# I might need a white 35....



## Mookistar (Feb 5, 2004)

Guys.

Do to a mix up, the white 35 i had lined up for my wedding on JULY 11th, may have to pull out.:sadwavey:

I'm desperate.

I need a white 35 to join my wedding convoy of white R32, R33 and R34. 

The plan is to have the 4 cars meet up in the morning for what i believe is a unique photo oppurtuninty. then pick up the bride and bridesmaids, and take them o the venue. nobody but YOU the owner will drive your car.

then, afterwards, ferry me and my wife to the reception.

in all i reckon it'll take 4 hours, MAX, including the 90 minutes set aside in the morning for the cars photoshoot.
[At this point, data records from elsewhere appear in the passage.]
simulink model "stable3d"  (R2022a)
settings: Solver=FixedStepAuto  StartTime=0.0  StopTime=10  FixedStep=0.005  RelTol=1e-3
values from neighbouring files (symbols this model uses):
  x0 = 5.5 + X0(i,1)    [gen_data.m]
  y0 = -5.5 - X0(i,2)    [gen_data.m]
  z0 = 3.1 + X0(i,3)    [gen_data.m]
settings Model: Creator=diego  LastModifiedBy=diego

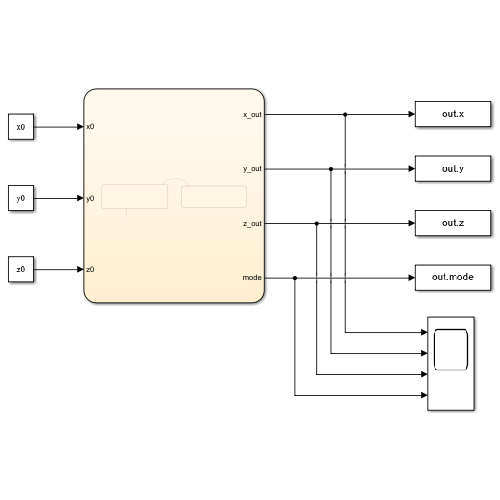
[thumbnail: Simulink's stored preview of the top-level diagram]
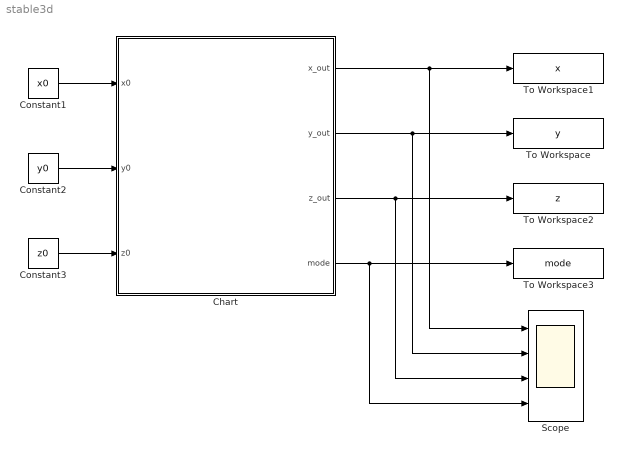
== system stable3d ==
  Chart : Stateflow chart  TreatAsAtomicUnit=on
  Constant1 : Constant  Value=x0
  Constant2 : Constant  Value=y0
  Constant3 : Constant  Value=z0
  Scope : Scope  NumInputPorts=4
  To Workspace : ToWorkspace  VariableName=y  SampleTime=-1
  To Workspace1 : ToWorkspace  VariableName=x  SampleTime=-1
  To Workspace2 : ToWorkspace  VariableName=z  SampleTime=-1
  To Workspace3 : ToWorkspace  VariableName=mode  SampleTime=-1
  wires:
  Chart/1(x_out) -> Scope/1, To Workspace1/1
  Chart/2(y_out) -> Scope/2, To Workspace/1
  Constant1/1 -> Chart/1(x0)
  Constant2/1 -> Chart/2(y0)
  Chart/3(z_out) -> Scope/3, To Workspace2/1
  Constant3/1 -> Chart/3(z0)
  Chart/4(mode) -> Scope/4, To Workspace3/1

== stateflow chart stable3d/Chart ==
  settings: updateMethod=CONTINUOUS
  state Mode1
    du:
    x_dot = -9*(x-2) -7*(y+2) + z-1 + 0.2*(x-2)*(y+2) + 0.1*(y+2)*(z-1) + 0.1*(x-2)*(z-1)+0.5*(z-1)^2;
    y_dot = 6*(x-2) + 4*(y+2) + z-1;
    z_dot = 3*(x-2) + 2*(y+2) - 2.5*(z-1);
    x_out = x;
    y_out = y;
    z_out = z;
    mode = 1;
  state Mode2
    du:
    x_dot = 2.2*x + 3.6*y + 3.9*z;
    y_dot = 3*x + 2.4*y + 3.4*z -0.01*x^2;
    z_dot = -5*x -5.4*y -6.7*z;
    x_out = x;
    y_out = y;
    z_out = z;
    mode = 2;
  Mode1 -> Mode2 : [x > 1.7 & x < 2.3 & y > -2.3 & y < -1.7 & z > 0.7 & z < 1.3]
  (default) -> Mode1 : {x = x0;
      | y = y0;
      | z = z0;}
  data: x_out output; y_out output; x local; y local; x0 input; y0 input; z_out output; z0 input; mode output; z local
  data x settings: updateMethod=SF_CONTINUOUS_TIME_DATA
  data y settings: updateMethod=SF_CONTINUOUS_TIME_DATA
  data z settings: updateMethod=SF_CONTINUOUS_TIME_DATA

Please, if you are willing to help, i'll pay your petrol for the day and you'll get a set of unique pictures featuring 4 white GTR's together

please, if you can help, PM me.

please

mook


----------



## moleman (Jun 3, 2002)

Get yourself in the Gallery and pester anyone who's already taken delivery of a white one.


----------



## Madden (Nov 14, 2004)

Good luck mook and if you get one let me know as i want one for September the 25th to drive to my reception after my wedding  All in the Liecester area. If they are nice enought to do so i will pay for them to have a meal and drinks all evening  hahaha

Mook are you sure you not marrying the cars instead lol. Sounds like you will have a great day


----------



## Mookistar (Feb 5, 2004)

no one?

PLEASE!


----------



## EvolutionVI (Sep 6, 2005)

I would do mate....but my car is Titanium,so i think im out.......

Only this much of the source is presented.